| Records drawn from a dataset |

_ _ _ _

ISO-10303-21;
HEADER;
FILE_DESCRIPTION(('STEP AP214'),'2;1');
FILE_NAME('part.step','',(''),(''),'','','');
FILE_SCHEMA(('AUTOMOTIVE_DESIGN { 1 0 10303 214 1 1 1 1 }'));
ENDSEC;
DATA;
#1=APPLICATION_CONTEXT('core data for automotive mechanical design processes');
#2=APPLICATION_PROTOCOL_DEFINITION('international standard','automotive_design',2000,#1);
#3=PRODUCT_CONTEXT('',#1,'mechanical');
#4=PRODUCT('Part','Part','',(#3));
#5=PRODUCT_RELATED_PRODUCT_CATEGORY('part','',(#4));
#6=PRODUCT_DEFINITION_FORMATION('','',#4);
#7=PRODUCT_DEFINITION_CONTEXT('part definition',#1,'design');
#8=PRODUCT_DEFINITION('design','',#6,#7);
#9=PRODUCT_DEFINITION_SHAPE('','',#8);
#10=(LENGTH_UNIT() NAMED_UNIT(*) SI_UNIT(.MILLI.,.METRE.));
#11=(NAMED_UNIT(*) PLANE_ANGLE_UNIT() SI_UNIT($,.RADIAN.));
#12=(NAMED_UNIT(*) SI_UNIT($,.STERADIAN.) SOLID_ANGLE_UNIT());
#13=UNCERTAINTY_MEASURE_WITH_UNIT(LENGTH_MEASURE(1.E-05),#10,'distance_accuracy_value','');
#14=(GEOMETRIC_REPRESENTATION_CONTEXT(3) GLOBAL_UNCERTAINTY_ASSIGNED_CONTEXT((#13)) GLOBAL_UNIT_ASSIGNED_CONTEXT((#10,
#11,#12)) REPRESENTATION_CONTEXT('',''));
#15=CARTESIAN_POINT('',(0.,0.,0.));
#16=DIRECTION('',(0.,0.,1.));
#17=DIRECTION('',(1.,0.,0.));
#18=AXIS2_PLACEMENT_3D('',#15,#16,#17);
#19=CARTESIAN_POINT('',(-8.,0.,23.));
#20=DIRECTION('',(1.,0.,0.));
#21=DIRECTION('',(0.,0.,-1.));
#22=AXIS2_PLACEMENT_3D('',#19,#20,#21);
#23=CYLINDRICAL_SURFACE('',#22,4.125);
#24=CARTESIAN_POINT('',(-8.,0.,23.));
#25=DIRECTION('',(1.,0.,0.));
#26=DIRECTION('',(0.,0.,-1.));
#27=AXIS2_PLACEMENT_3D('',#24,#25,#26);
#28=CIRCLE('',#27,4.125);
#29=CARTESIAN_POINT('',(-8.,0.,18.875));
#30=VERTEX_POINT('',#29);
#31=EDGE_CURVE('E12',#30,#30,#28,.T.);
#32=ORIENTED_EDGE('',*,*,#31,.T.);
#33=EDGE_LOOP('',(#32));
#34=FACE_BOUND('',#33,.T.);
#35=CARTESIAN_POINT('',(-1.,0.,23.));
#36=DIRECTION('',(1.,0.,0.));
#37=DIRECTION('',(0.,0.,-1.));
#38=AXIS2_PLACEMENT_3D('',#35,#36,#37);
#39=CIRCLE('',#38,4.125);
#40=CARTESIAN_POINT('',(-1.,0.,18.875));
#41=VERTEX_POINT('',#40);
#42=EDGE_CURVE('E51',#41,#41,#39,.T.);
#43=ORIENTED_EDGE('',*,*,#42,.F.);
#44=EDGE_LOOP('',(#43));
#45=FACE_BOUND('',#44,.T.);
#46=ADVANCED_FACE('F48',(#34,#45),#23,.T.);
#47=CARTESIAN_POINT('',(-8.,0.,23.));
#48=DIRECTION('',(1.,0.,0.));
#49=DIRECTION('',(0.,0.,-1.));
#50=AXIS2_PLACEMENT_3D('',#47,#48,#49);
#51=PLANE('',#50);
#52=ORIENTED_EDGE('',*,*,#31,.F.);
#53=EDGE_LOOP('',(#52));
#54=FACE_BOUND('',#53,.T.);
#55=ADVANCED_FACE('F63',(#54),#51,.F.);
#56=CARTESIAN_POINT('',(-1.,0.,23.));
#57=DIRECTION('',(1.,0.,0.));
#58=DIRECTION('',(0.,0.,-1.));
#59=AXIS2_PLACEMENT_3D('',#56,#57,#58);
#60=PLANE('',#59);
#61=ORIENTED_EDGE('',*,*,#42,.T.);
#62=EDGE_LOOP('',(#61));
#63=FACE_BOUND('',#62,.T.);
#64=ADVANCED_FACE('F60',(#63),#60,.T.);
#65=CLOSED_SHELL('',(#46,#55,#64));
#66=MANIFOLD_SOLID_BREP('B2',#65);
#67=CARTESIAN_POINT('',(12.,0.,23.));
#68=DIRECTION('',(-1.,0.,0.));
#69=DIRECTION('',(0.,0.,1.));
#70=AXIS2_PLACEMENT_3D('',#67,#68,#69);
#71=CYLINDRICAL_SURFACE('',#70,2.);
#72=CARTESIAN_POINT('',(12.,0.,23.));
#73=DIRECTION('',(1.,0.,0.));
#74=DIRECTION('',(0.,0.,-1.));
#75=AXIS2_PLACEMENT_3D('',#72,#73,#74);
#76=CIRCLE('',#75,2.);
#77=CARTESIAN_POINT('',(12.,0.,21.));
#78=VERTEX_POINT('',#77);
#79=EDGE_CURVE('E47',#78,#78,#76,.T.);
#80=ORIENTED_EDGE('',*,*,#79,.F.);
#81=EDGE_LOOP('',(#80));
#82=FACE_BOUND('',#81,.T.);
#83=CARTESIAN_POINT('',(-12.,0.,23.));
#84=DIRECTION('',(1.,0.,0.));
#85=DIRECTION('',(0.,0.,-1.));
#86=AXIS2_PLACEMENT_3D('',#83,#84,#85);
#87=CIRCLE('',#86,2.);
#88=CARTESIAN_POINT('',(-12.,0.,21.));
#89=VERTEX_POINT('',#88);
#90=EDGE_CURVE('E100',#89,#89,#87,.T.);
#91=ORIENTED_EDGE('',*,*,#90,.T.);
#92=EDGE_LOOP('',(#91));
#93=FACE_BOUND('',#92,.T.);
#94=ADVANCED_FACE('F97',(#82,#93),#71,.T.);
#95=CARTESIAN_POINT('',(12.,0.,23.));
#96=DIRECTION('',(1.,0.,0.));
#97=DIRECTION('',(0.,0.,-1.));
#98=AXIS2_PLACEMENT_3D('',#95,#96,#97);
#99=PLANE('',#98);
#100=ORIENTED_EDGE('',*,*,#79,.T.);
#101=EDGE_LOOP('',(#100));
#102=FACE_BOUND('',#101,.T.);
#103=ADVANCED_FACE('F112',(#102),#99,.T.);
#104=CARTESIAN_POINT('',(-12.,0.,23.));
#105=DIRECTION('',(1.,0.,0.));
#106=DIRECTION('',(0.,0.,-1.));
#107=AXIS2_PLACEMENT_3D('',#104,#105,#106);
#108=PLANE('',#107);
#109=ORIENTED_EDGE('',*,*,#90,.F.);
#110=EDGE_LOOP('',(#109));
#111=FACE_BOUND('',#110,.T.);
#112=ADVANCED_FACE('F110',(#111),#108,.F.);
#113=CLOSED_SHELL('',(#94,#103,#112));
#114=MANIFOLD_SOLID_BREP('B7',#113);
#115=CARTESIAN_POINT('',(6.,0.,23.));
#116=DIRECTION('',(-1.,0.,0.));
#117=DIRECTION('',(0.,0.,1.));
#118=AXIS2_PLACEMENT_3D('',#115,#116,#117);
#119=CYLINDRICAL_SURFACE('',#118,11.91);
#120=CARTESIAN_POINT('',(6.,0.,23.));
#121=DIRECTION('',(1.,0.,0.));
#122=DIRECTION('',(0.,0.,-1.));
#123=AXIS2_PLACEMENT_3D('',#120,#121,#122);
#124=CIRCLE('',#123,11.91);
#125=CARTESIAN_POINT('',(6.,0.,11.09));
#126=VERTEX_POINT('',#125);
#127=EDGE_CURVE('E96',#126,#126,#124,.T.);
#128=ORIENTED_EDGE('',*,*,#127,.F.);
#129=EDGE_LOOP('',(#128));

_ _ _ _

| INSTRUCTIONS TO FOLLOW |
Return exactly the lines from the line bearing "#112=ADVANCED_FACE('F110',(#111),#108,.F.);" to the end of the records, inclusive of both; include no other lines.

| EXERCISE RESULT |
#112=ADVANCED_FACE('F110',(#111),#108,.F.);
#113=CLOSED_SHELL('',(#94,#103,#112));
#114=MANIFOLD_SOLID_BREP('B7',#113);
#115=CARTESIAN_POINT('',(6.,0.,23.));
#116=DIRECTION('',(-1.,0.,0.));
#117=DIRECTION('',(0.,0.,1.));
#118=AXIS2_PLACEMENT_3D('',#115,#116,#117);
#119=CYLINDRICAL_SURFACE('',#118,11.91);
#120=CARTESIAN_POINT('',(6.,0.,23.));
#121=DIRECTION('',(1.,0.,0.));
#122=DIRECTION('',(0.,0.,-1.));
#123=AXIS2_PLACEMENT_3D('',#120,#121,#122);
#124=CIRCLE('',#123,11.91);
#125=CARTESIAN_POINT('',(6.,0.,11.09));
#126=VERTEX_POINT('',#125);
#127=EDGE_CURVE('E96',#126,#126,#124,.T.);
#128=ORIENTED_EDGE('',*,*,#127,.F.);
#129=EDGE_LOOP('',(#128));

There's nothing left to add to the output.